Sea, the only one friend

meliahalim
Chapter #4

Nastar tahun lalu dan pertanyaan-pertanyaan yang belum terjawab

Setiap dari kita adalah manusia-manusia bahagia, menumpuk dan bertarung dengan luka, memasang topeng paling tebal demi agar tak terlihat menderita sebelum kemudian kembali terjatuh pada realita.


Kita adalah manusia yang sesungguhnya menyimpan kebaikan dan keburukan, tidak ada manusia dengan keseluruhan hidupnya berisikan kejahatan tidak juga kebaikan.


***


Di rumah, nastar menjadi kue kering dengan peringkat terakhir sebagai penghuni toples paling lama, sedangkan putri salju sebagai primadona paling laris di susul kaastangels, choco. Almond cookies, palm cheese ball, matcha cookies (ini hanya aku yang memakannya, katanya rasanya seperti rumput yang di campur susu dalam kue), lalu nastar dengan ukuran hampir sebesar kepalan tangan orang dewasa mendapatkan nilai terendah sebab orang-orang keburu takut untuk memakannya. Mereka mengira ada kura-kura di dalamnya, harus ku akui bila bentuknya memang mirip tempurung penyu.


Sea yang punya wajah cemberut sepanjang tahun saja terbahak menyaksikan nastar dengan ukuran triple XL. Ia akan mengambilnya dan memotretnya berulangkali, lalu terbahak, memotretnya dan terbahak lagi. Orang aneh itu bahkan memasukannya ke dalam aquarium tanpa air dan ia pajang di kamarnya yang berantakan.


"Kau benar-benar unik Miya!" Katanya setelah menghabiskan hampir setengah hari untuk terbahak seorang diri.


"Bukan aku yang membuatnya." Kataku sebal, Sea akan terus mengulang kalimat yang sama hingga minggu depan.


"Lalu? Kau kira kucing dan marmut peliharaan mu mampu membuat nastar?" Tanyanya, mulutnya yang kecil di warnai lipstik merah menyala, ck, gadis itu sekalinya berdandan macam pelacur baru menetas.


"Kau berdandan? Sejak kapan kau membeli lipstik dan pewarna pipi?"


"Ck, manusia yang suka bergosip seperti mu harusnya sudah menyadari bila aku sering mengunakan lipstik akhir-akhir ini. Apa matamu bertambah lagi minus nya?"


"Mulutmu benar-benar menyebalkan, aku terlalu sibuk hingga tak menyadari apa yang sedang terjadi."


"Kau kan cuman pengangguran! Dimana letak kesibukan yang kau bicarakan?"


"Aku mencoba memasukkan banyak lamaran, aku ingin bekerja lagi. Menjadi pengangguran juga tak memiliki teman terdengar cukup menyeramkan."


"Aku kan juga temanmu!" Sea menaikkan tiga oktaf nada, dengan tangan yang mengayunkan nastar. Hampir saja perempuan itu melempar nastar yang ia simpan sedari tahun kemarin.


"Kau tak pernah ku hitung! Sesekali aku ingin seperti orang lain yang pergi berlibur, bercerita dan tertawa dengan beberapa orang teman."

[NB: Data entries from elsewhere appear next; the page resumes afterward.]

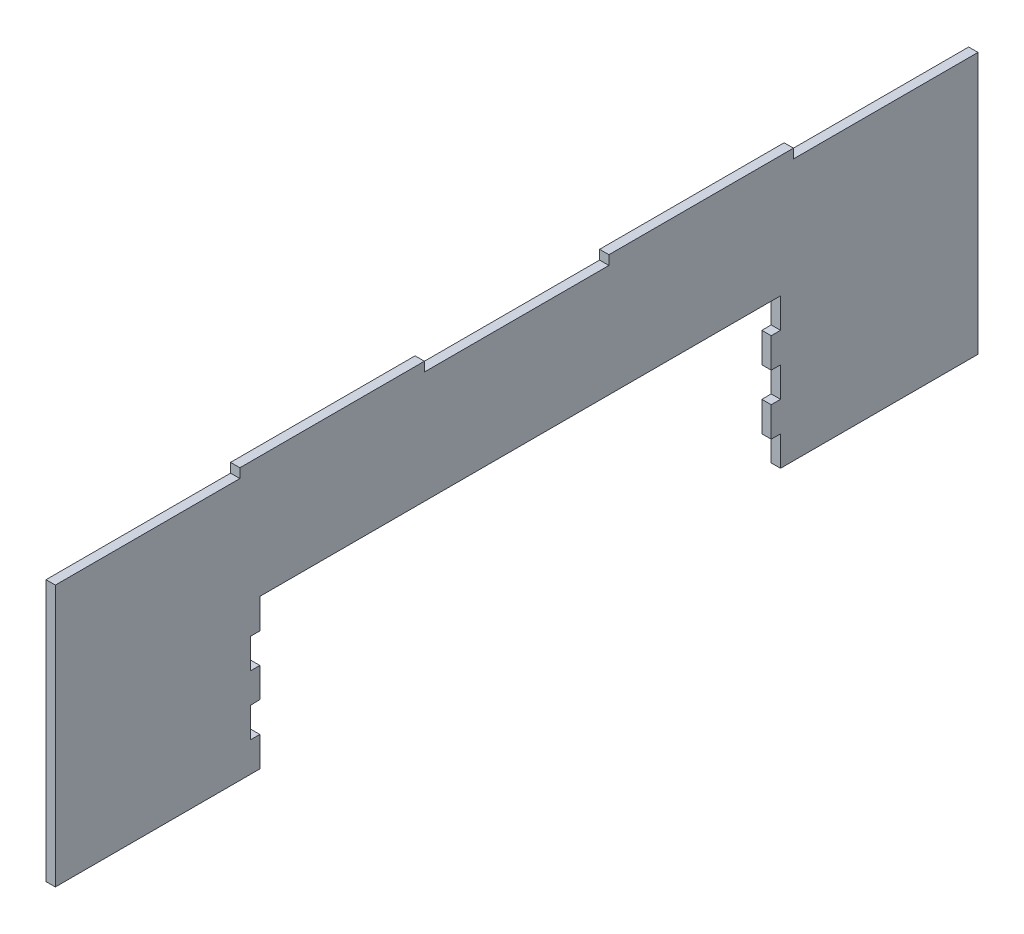
ISO-10303-21;
HEADER;
FILE_DESCRIPTION(('STEP AP214'),'2;1');
FILE_NAME('part.step','',(''),(''),'','','');
FILE_SCHEMA(('AUTOMOTIVE_DESIGN { 1 0 10303 214 1 1 1 1 }'));
ENDSEC;
DATA;
#1=APPLICATION_CONTEXT('core data for automotive mechanical design processes');
#2=APPLICATION_PROTOCOL_DEFINITION('international standard','automotive_design',2000,#1);
#3=PRODUCT_CONTEXT('',#1,'mechanical');
#4=PRODUCT('Part','Part','',(#3));
#5=PRODUCT_RELATED_PRODUCT_CATEGORY('part','',(#4));
#6=PRODUCT_DEFINITION_FORMATION('','',#4);
#7=PRODUCT_DEFINITION_CONTEXT('part definition',#1,'design');
#8=PRODUCT_DEFINITION('design','',#6,#7);
#9=PRODUCT_DEFINITION_SHAPE('','',#8);
#10=(LENGTH_UNIT() NAMED_UNIT(*) SI_UNIT(.MILLI.,.METRE.));
#11=(NAMED_UNIT(*) PLANE_ANGLE_UNIT() SI_UNIT($,.RADIAN.));
#12=(NAMED_UNIT(*) SI_UNIT($,.STERADIAN.) SOLID_ANGLE_UNIT());
#13=UNCERTAINTY_MEASURE_WITH_UNIT(LENGTH_MEASURE(1.E-05),#10,'distance_accuracy_value','');
#14=(GEOMETRIC_REPRESENTATION_CONTEXT(3) GLOBAL_UNCERTAINTY_ASSIGNED_CONTEXT((#13)) GLOBAL_UNIT_ASSIGNED_CONTEXT((#10,
#11,#12)) REPRESENTATION_CONTEXT('',''));
#15=CARTESIAN_POINT('',(0.,0.,0.));
#16=DIRECTION('',(0.,0.,1.));
#17=DIRECTION('',(1.,0.,0.));
#18=AXIS2_PLACEMENT_3D('',#15,#16,#17);
#19=CARTESIAN_POINT('',(5.,-72.5,-141.262721236259));
#20=DIRECTION('',(0.,1.,0.));
#21=DIRECTION('',(0.,0.,1.));
#22=AXIS2_PLACEMENT_3D('',#19,#20,#21);
#23=PLANE('',#22);
#24=DIRECTION('',(0.,0.,-1.));
#25=VECTOR('',#24,1.);
#26=CARTESIAN_POINT('',(0.,-72.5,-141.262721236259));
#27=LINE('',#26,#25);
#28=CARTESIAN_POINT('',(0.,-72.5,-141.262721236259));
#29=VERTEX_POINT('',#28);
#30=CARTESIAN_POINT('',(0.,-72.5,-247.));
#31=VERTEX_POINT('',#30);
#32=EDGE_CURVE('E273',#29,#31,#27,.T.);
#33=ORIENTED_EDGE('',*,*,#32,.T.);
#34=DIRECTION('',(-1.,0.,0.));
#35=VECTOR('',#34,1.);
#36=CARTESIAN_POINT('',(5.,-72.5,-247.));
#37=LINE('',#36,#35);
#38=CARTESIAN_POINT('',(5.,-72.5,-247.));
#39=VERTEX_POINT('',#38);
#40=EDGE_CURVE('E11',#39,#31,#37,.T.);
#41=ORIENTED_EDGE('',*,*,#40,.F.);
#42=DIRECTION('',(0.,0.,-1.));
#43=VECTOR('',#42,1.);
#44=CARTESIAN_POINT('',(5.,-72.5,-141.262721236259));
#45=LINE('',#44,#43);
#46=CARTESIAN_POINT('',(5.,-72.5,-141.262721236259));
#47=VERTEX_POINT('',#46);
#48=EDGE_CURVE('E336',#47,#39,#45,.T.);
#49=ORIENTED_EDGE('',*,*,#48,.F.);
#50=DIRECTION('',(-1.,0.,0.));
#51=VECTOR('',#50,1.);
#52=CARTESIAN_POINT('',(5.,-72.5,-141.262721236259));
#53=LINE('',#52,#51);
#54=EDGE_CURVE('E269',#47,#29,#53,.T.);
#55=ORIENTED_EDGE('',*,*,#54,.T.);
#56=EDGE_LOOP('',(#33,#41,#49,#55));
#57=FACE_BOUND('',#56,.T.);
#58=ADVANCED_FACE('F33',(#57),#23,.F.);
#59=CARTESIAN_POINT('',(5.,67.5,-247.));
#60=DIRECTION('',(0.,0.,1.));
#61=DIRECTION('',(0.,-1.,0.));
#62=AXIS2_PLACEMENT_3D('',#59,#60,#61);
#63=PLANE('',#62);
#64=DIRECTION('',(0.,1.,0.));
#65=VECTOR('',#64,1.);
#66=CARTESIAN_POINT('',(0.,67.5,-247.));
#67=LINE('',#66,#65);
#68=CARTESIAN_POINT('',(0.,67.5,-247.));
#69=VERTEX_POINT('',#68);
#70=EDGE_CURVE('E276',#31,#69,#67,.T.);
#71=ORIENTED_EDGE('',*,*,#70,.T.);
#72=DIRECTION('',(-1.,0.,0.));
#73=VECTOR('',#72,1.);
#74=CARTESIAN_POINT('',(5.,67.5,-247.));
#75=LINE('',#74,#73);
#76=CARTESIAN_POINT('',(5.,67.5,-247.));
#77=VERTEX_POINT('',#76);
#78=EDGE_CURVE('E41',#77,#69,#75,.T.);
#79=ORIENTED_EDGE('',*,*,#78,.F.);
#80=DIRECTION('',(0.,1.,0.));
#81=VECTOR('',#80,1.);
#82=CARTESIAN_POINT('',(5.,67.5,-247.));
#83=LINE('',#82,#81);
#84=EDGE_CURVE('E164',#39,#77,#83,.T.);
#85=ORIENTED_EDGE('',*,*,#84,.F.);
#86=ORIENTED_EDGE('',*,*,#40,.T.);
#87=EDGE_LOOP('',(#71,#79,#85,#86));
#88=FACE_BOUND('',#87,.T.);
#89=ADVANCED_FACE('F514',(#88),#63,.F.);
#90=CARTESIAN_POINT('',(5.,67.5,-148.2));
#91=DIRECTION('',(0.,-1.,0.));
#92=DIRECTION('',(0.,0.,-1.));
#93=AXIS2_PLACEMENT_3D('',#90,#91,#92);
#94=PLANE('',#93);
#95=DIRECTION('',(0.,0.,1.));
#96=VECTOR('',#95,1.);
#97=CARTESIAN_POINT('',(0.,67.5,-148.2));
#98=LINE('',#97,#96);
#99=CARTESIAN_POINT('',(0.,67.5,-148.2));
#100=VERTEX_POINT('',#99);
#101=EDGE_CURVE('E278',#69,#100,#98,.T.);
#102=ORIENTED_EDGE('',*,*,#101,.T.);
#103=DIRECTION('',(-1.,0.,0.));
#104=VECTOR('',#103,1.);
#105=CARTESIAN_POINT('',(5.,67.5,-148.2));
#106=LINE('',#105,#104);
#107=CARTESIAN_POINT('',(5.,67.5,-148.2));
#108=VERTEX_POINT('',#107);
#109=EDGE_CURVE('E415',#108,#100,#106,.T.);
#110=ORIENTED_EDGE('',*,*,#109,.F.);
#111=DIRECTION('',(0.,0.,1.));
#112=VECTOR('',#111,1.);
#113=CARTESIAN_POINT('',(5.,67.5,-148.2));
#114=LINE('',#113,#112);
#115=EDGE_CURVE('E423',#77,#108,#114,.T.);
#116=ORIENTED_EDGE('',*,*,#115,.F.);
#117=ORIENTED_EDGE('',*,*,#78,.T.);
#118=EDGE_LOOP('',(#102,#110,#116,#117));
#119=FACE_BOUND('',#118,.T.);
#120=ADVANCED_FACE('F421',(#119),#94,.F.);
#121=CARTESIAN_POINT('',(5.,72.5,-148.2));
#122=DIRECTION('',(0.,0.,1.));
#123=DIRECTION('',(1.,0.,0.));
#124=AXIS2_PLACEMENT_3D('',#121,#122,#123);
#125=PLANE('',#124);
#126=DIRECTION('',(0.,1.,0.));
#127=VECTOR('',#126,1.);
#128=CARTESIAN_POINT('',(0.,72.5,-148.2));
#129=LINE('',#128,#127);
#130=CARTESIAN_POINT('',(0.,72.5,-148.2));
#131=VERTEX_POINT('',#130);
#132=EDGE_CURVE('E280',#100,#131,#129,.T.);
#133=ORIENTED_EDGE('',*,*,#132,.T.);
#134=DIRECTION('',(-1.,0.,0.));
#135=VECTOR('',#134,1.);
#136=CARTESIAN_POINT('',(5.,72.5,-148.2));
#137=LINE('',#136,#135);
#138=CARTESIAN_POINT('',(5.,72.5,-148.2));
#139=VERTEX_POINT('',#138);
#140=EDGE_CURVE('E412',#139,#131,#137,.T.);
#141=ORIENTED_EDGE('',*,*,#140,.F.);
#142=DIRECTION('',(0.,1.,0.));
#143=VECTOR('',#142,1.);
#144=CARTESIAN_POINT('',(5.,72.5,-148.2));
#145=LINE('',#144,#143);
#146=EDGE_CURVE('E441',#108,#139,#145,.T.);
#147=ORIENTED_EDGE('',*,*,#146,.F.);
#148=ORIENTED_EDGE('',*,*,#109,.T.);
#149=EDGE_LOOP('',(#133,#141,#147,#148));
#150=FACE_BOUND('',#149,.T.);
#151=ADVANCED_FACE('F432',(#150),#125,.F.);
#152=CARTESIAN_POINT('',(5.,72.5,-49.4));
#153=DIRECTION('',(0.,-1.,0.));
#154=DIRECTION('',(0.,0.,-1.));
#155=AXIS2_PLACEMENT_3D('',#152,#153,#154);
#156=PLANE('',#155);
#157=DIRECTION('',(0.,0.,1.));
#158=VECTOR('',#157,1.);
#159=CARTESIAN_POINT('',(0.,72.5,-49.4));
#160=LINE('',#159,#158);
#161=CARTESIAN_POINT('',(0.,72.5,-49.4));
#162=VERTEX_POINT('',#161);
#163=EDGE_CURVE('E282',#131,#162,#160,.T.);
#164=ORIENTED_EDGE('',*,*,#163,.T.);
#165=DIRECTION('',(-1.,0.,0.));
#166=VECTOR('',#165,1.);
#167=CARTESIAN_POINT('',(5.,72.5,-49.4));
#168=LINE('',#167,#166);
#169=CARTESIAN_POINT('',(5.,72.5,-49.4));
#170=VERTEX_POINT('',#169);
#171=EDGE_CURVE('E409',#170,#162,#168,.T.);
#172=ORIENTED_EDGE('',*,*,#171,.F.);
#173=DIRECTION('',(0.,0.,1.));
#174=VECTOR('',#173,1.);
#175=CARTESIAN_POINT('',(5.,72.5,-49.4));
#176=LINE('',#175,#174);
#177=EDGE_CURVE('E438',#139,#170,#176,.T.);
#178=ORIENTED_EDGE('',*,*,#177,.F.);
#179=ORIENTED_EDGE('',*,*,#140,.T.);
#180=EDGE_LOOP('',(#164,#172,#178,#179));
#181=FACE_BOUND('',#180,.T.);
#182=ADVANCED_FACE('F436',(#181),#156,.F.);
#183=CARTESIAN_POINT('',(5.,72.5,-49.4));
#184=DIRECTION('',(0.,0.,-1.));
#185=DIRECTION('',(0.,1.,0.));
#186=AXIS2_PLACEMENT_3D('',#183,#184,#185);
#187=PLANE('',#186);
#188=DIRECTION('',(0.,-1.,0.));
#189=VECTOR('',#188,1.);
#190=CARTESIAN_POINT('',(0.,72.5,-49.4));
#191=LINE('',#190,#189);
#192=CARTESIAN_POINT('',(0.,67.5,-49.4));
#193=VERTEX_POINT('',#192);
#194=EDGE_CURVE('E284',#162,#193,#191,.T.);
#195=ORIENTED_EDGE('',*,*,#194,.T.);
#196=DIRECTION('',(-1.,0.,0.));
#197=VECTOR('',#196,1.);
#198=CARTESIAN_POINT('',(5.,67.5,-49.4));
#199=LINE('',#198,#197);
#200=CARTESIAN_POINT('',(5.,67.5,-49.4));
#201=VERTEX_POINT('',#200);
#202=EDGE_CURVE('E406',#201,#193,#199,.T.);
#203=ORIENTED_EDGE('',*,*,#202,.F.);
#204=DIRECTION('',(0.,-1.,0.));
#205=VECTOR('',#204,1.);
#206=CARTESIAN_POINT('',(5.,72.5,-49.4));
#207=LINE('',#206,#205);
#208=EDGE_CURVE('E440',#170,#201,#207,.T.);
#209=ORIENTED_EDGE('',*,*,#208,.F.);
#210=ORIENTED_EDGE('',*,*,#171,.T.);
#211=EDGE_LOOP('',(#195,#203,#209,#210));
#212=FACE_BOUND('',#211,.T.);
#213=ADVANCED_FACE('F527',(#212),#187,.F.);
#214=CARTESIAN_POINT('',(5.,67.5,49.4));
#215=DIRECTION('',(0.,-1.,0.));
#216=DIRECTION('',(0.,0.,-1.));
#217=AXIS2_PLACEMENT_3D('',#214,#215,#216);
#218=PLANE('',#217);
#219=DIRECTION('',(0.,0.,1.));
#220=VECTOR('',#219,1.);
#221=CARTESIAN_POINT('',(0.,67.5,49.4));
#222=LINE('',#221,#220);
#223=CARTESIAN_POINT('',(0.,67.5,49.4));
#224=VERTEX_POINT('',#223);
#225=EDGE_CURVE('E286',#193,#224,#222,.T.);
#226=ORIENTED_EDGE('',*,*,#225,.T.);
#227=DIRECTION('',(-1.,0.,0.));
#228=VECTOR('',#227,1.);
#229=CARTESIAN_POINT('',(5.,67.5,49.4));
#230=LINE('',#229,#228);
#231=CARTESIAN_POINT('',(5.,67.5,49.4));
#232=VERTEX_POINT('',#231);
#233=EDGE_CURVE('E403',#232,#224,#230,.T.);
#234=ORIENTED_EDGE('',*,*,#233,.F.);
#235=DIRECTION('',(0.,0.,1.));
#236=VECTOR('',#235,1.);
#237=CARTESIAN_POINT('',(5.,67.5,49.4));
#238=LINE('',#237,#236);
#239=EDGE_CURVE('E443',#201,#232,#238,.T.);
#240=ORIENTED_EDGE('',*,*,#239,.F.);
#241=ORIENTED_EDGE('',*,*,#202,.T.);
#242=EDGE_LOOP('',(#226,#234,#240,#241));
#243=FACE_BOUND('',#242,.T.);
#244=ADVANCED_FACE('F530',(#243),#218,.F.);
#245=CARTESIAN_POINT('',(5.,72.5,49.4));
#246=DIRECTION('',(0.,0.,1.));
#247=DIRECTION('',(1.,0.,0.));
#248=AXIS2_PLACEMENT_3D('',#245,#246,#247);
#249=PLANE('',#248);
#250=DIRECTION('',(0.,1.,0.));
#251=VECTOR('',#250,1.);
#252=CARTESIAN_POINT('',(0.,72.5,49.4));
#253=LINE('',#252,#251);
#254=CARTESIAN_POINT('',(0.,72.5,49.4));
#255=VERTEX_POINT('',#254);
#256=EDGE_CURVE('E288',#224,#255,#253,.T.);
#257=ORIENTED_EDGE('',*,*,#256,.T.);
#258=DIRECTION('',(-1.,0.,0.));
#259=VECTOR('',#258,1.);
#260=CARTESIAN_POINT('',(5.,72.5,49.4));
#261=LINE('',#260,#259);
#262=CARTESIAN_POINT('',(5.,72.5,49.4));
#263=VERTEX_POINT('',#262);
#264=EDGE_CURVE('E400',#263,#255,#261,.T.);
#265=ORIENTED_EDGE('',*,*,#264,.F.);
#266=DIRECTION('',(0.,1.,0.));
#267=VECTOR('',#266,1.);
#268=CARTESIAN_POINT('',(5.,72.5,49.4));
#269=LINE('',#268,#267);
#270=EDGE_CURVE('E449',#232,#263,#269,.T.);
#271=ORIENTED_EDGE('',*,*,#270,.F.);
#272=ORIENTED_EDGE('',*,*,#233,.T.);
#273=EDGE_LOOP('',(#257,#265,#271,#272));
#274=FACE_BOUND('',#273,.T.);
#275=ADVANCED_FACE('F534',(#274),#249,.F.);
#276=CARTESIAN_POINT('',(5.,72.5,148.2));
#277=DIRECTION('',(0.,-1.,0.));
#278=DIRECTION('',(0.,0.,-1.));
#279=AXIS2_PLACEMENT_3D('',#276,#277,#278);
#280=PLANE('',#279);
#281=DIRECTION('',(0.,0.,1.));
#282=VECTOR('',#281,1.);
#283=CARTESIAN_POINT('',(0.,72.5,148.2));
#284=LINE('',#283,#282);
#285=CARTESIAN_POINT('',(0.,72.5,148.2));
#286=VERTEX_POINT('',#285);
#287=EDGE_CURVE('E290',#255,#286,#284,.T.);
#288=ORIENTED_EDGE('',*,*,#287,.T.);
#289=DIRECTION('',(-1.,0.,0.));
#290=VECTOR('',#289,1.);
#291=CARTESIAN_POINT('',(5.,72.5,148.2));
#292=LINE('',#291,#290);
#293=CARTESIAN_POINT('',(5.,72.5,148.2));
#294=VERTEX_POINT('',#293);
#295=EDGE_CURVE('E397',#294,#286,#292,.T.);
#296=ORIENTED_EDGE('',*,*,#295,.F.);
#297=DIRECTION('',(0.,0.,1.));
#298=VECTOR('',#297,1.);
#299=CARTESIAN_POINT('',(5.,72.5,148.2));
#300=LINE('',#299,#298);
#301=EDGE_CURVE('E451',#263,#294,#300,.T.);
#302=ORIENTED_EDGE('',*,*,#301,.F.);
#303=ORIENTED_EDGE('',*,*,#264,.T.);
#304=EDGE_LOOP('',(#288,#296,#302,#303));
#305=FACE_BOUND('',#304,.T.);
#306=ADVANCED_FACE('F538',(#305),#280,.F.);
#307=CARTESIAN_POINT('',(5.,72.5,148.2));
#308=DIRECTION('',(0.,0.,-1.));
#309=DIRECTION('',(-1.,0.,0.));
#310=AXIS2_PLACEMENT_3D('',#307,#308,#309);
#311=PLANE('',#310);
#312=DIRECTION('',(0.,-1.,0.));
#313=VECTOR('',#312,1.);
#314=CARTESIAN_POINT('',(0.,72.5,148.2));
#315=LINE('',#314,#313);
#316=CARTESIAN_POINT('',(0.,67.5,148.2));
#317=VERTEX_POINT('',#316);
#318=EDGE_CURVE('E292',#286,#317,#315,.T.);
#319=ORIENTED_EDGE('',*,*,#318,.T.);
#320=DIRECTION('',(-1.,0.,0.));
#321=VECTOR('',#320,1.);
#322=CARTESIAN_POINT('',(5.,67.5,148.2));
#323=LINE('',#322,#321);
#324=CARTESIAN_POINT('',(5.,67.5,148.2));
#325=VERTEX_POINT('',#324);
#326=EDGE_CURVE('E394',#325,#317,#323,.T.);
#327=ORIENTED_EDGE('',*,*,#326,.F.);
#328=DIRECTION('',(0.,-1.,0.));
#329=VECTOR('',#328,1.);
#330=CARTESIAN_POINT('',(5.,72.5,148.2));
#331=LINE('',#330,#329);
#332=EDGE_CURVE('E453',#294,#325,#331,.T.);
#333=ORIENTED_EDGE('',*,*,#332,.F.);
#334=ORIENTED_EDGE('',*,*,#295,.T.);
#335=EDGE_LOOP('',(#319,#327,#333,#334));
#336=FACE_BOUND('',#335,.T.);
#337=ADVANCED_FACE('F542',(#336),#311,.F.);
#338=CARTESIAN_POINT('',(5.,67.5,247.));
#339=DIRECTION('',(0.,-1.,0.));
#340=DIRECTION('',(0.,0.,-1.));
#341=AXIS2_PLACEMENT_3D('',#338,#339,#340);
#342=PLANE('',#341);
#343=DIRECTION('',(0.,0.,1.));
#344=VECTOR('',#343,1.);
#345=CARTESIAN_POINT('',(0.,67.5,247.));
#346=LINE('',#345,#344);
#347=CARTESIAN_POINT('',(0.,67.5,247.));
#348=VERTEX_POINT('',#347);
#349=EDGE_CURVE('E294',#317,#348,#346,.T.);
#350=ORIENTED_EDGE('',*,*,#349,.T.);
#351=DIRECTION('',(-1.,0.,0.));
#352=VECTOR('',#351,1.);
#353=CARTESIAN_POINT('',(5.,67.5,247.));
#354=LINE('',#353,#352);
#355=CARTESIAN_POINT('',(5.,67.5,247.));
#356=VERTEX_POINT('',#355);
#357=EDGE_CURVE('E391',#356,#348,#354,.T.);
#358=ORIENTED_EDGE('',*,*,#357,.F.);
#359=DIRECTION('',(0.,0.,1.));
#360=VECTOR('',#359,1.);
#361=CARTESIAN_POINT('',(5.,67.5,247.));
#362=LINE('',#361,#360);
#363=EDGE_CURVE('E455',#325,#356,#362,.T.);
#364=ORIENTED_EDGE('',*,*,#363,.F.);
#365=ORIENTED_EDGE('',*,*,#326,.T.);
#366=EDGE_LOOP('',(#350,#358,#364,#365));
#367=FACE_BOUND('',#366,.T.);
#368=ADVANCED_FACE('F546',(#367),#342,.F.);
#369=CARTESIAN_POINT('',(5.,67.5,247.));
#370=DIRECTION('',(0.,0.,-1.));
#371=DIRECTION('',(0.,1.,0.));
#372=AXIS2_PLACEMENT_3D('',#369,#370,#371);
#373=PLANE('',#372);
#374=DIRECTION('',(0.,-1.,0.));
#375=VECTOR('',#374,1.);
#376=CARTESIAN_POINT('',(0.,67.5,247.));
#377=LINE('',#376,#375);
#378=CARTESIAN_POINT('',(0.,-72.5,247.));
#379=VERTEX_POINT('',#378);
#380=EDGE_CURVE('E296',#348,#379,#377,.T.);
#381=ORIENTED_EDGE('',*,*,#380,.T.);
#382=DIRECTION('',(-1.,0.,0.));
#383=VECTOR('',#382,1.);
#384=CARTESIAN_POINT('',(5.,-72.5,247.));
#385=LINE('',#384,#383);
#386=CARTESIAN_POINT('',(5.,-72.5,247.));
#387=VERTEX_POINT('',#386);
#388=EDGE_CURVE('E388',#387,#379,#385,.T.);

"Kau tak mau menjadi temanku lagi? Apa cerita yang ku bagi membuat mu muak Miya?" Sea menurunkan nastarnya lemah.


Menggeleng, "aku menyukaimu, tapi memiliki banyak teman bukan ide buruk."


"Tapi terlalu banyak teman juga merepotkan, bagaimana bila mereka tak sebaik dirimu? Bagaimana bila mereka hanya menginginkan mu saat butuh saja? Apa mereka mau menemanimu yang suka menangis lantaran hal-hal kecil? Apa mereka mau memberikan waktunya hanya untuk ocehan-ocehan mu yang tak masuk akal?"


"Aku tak suka mengatakan ini, tetapi bukankah kau juga tahu bila teman-teman mu tak sebaik itu. Mereka menemui mu saat sedang kesepian dan akan menjauhi mu sesaat teman-teman mereka kembali. Kau bukan barang cadangan yang digunakan saat yang lainnya tak bersedia. Miya, kau sudah cukup dewasa untuk tidak terus-menerus berharap pada manusia, apa kau tidak lelah dan trauma?"


"Aku saja lelah melihat mu kecewa sebab teman-teman mu diam-diam menjauh dan mungkin beberapa tak suka menjadi temanmu." Lanjutnya dengan nada lembut sekali. Manusia satu ini begitu menyimpan banyak lapisan karakter yang terkadang membuat ku takjub sekaligus takut.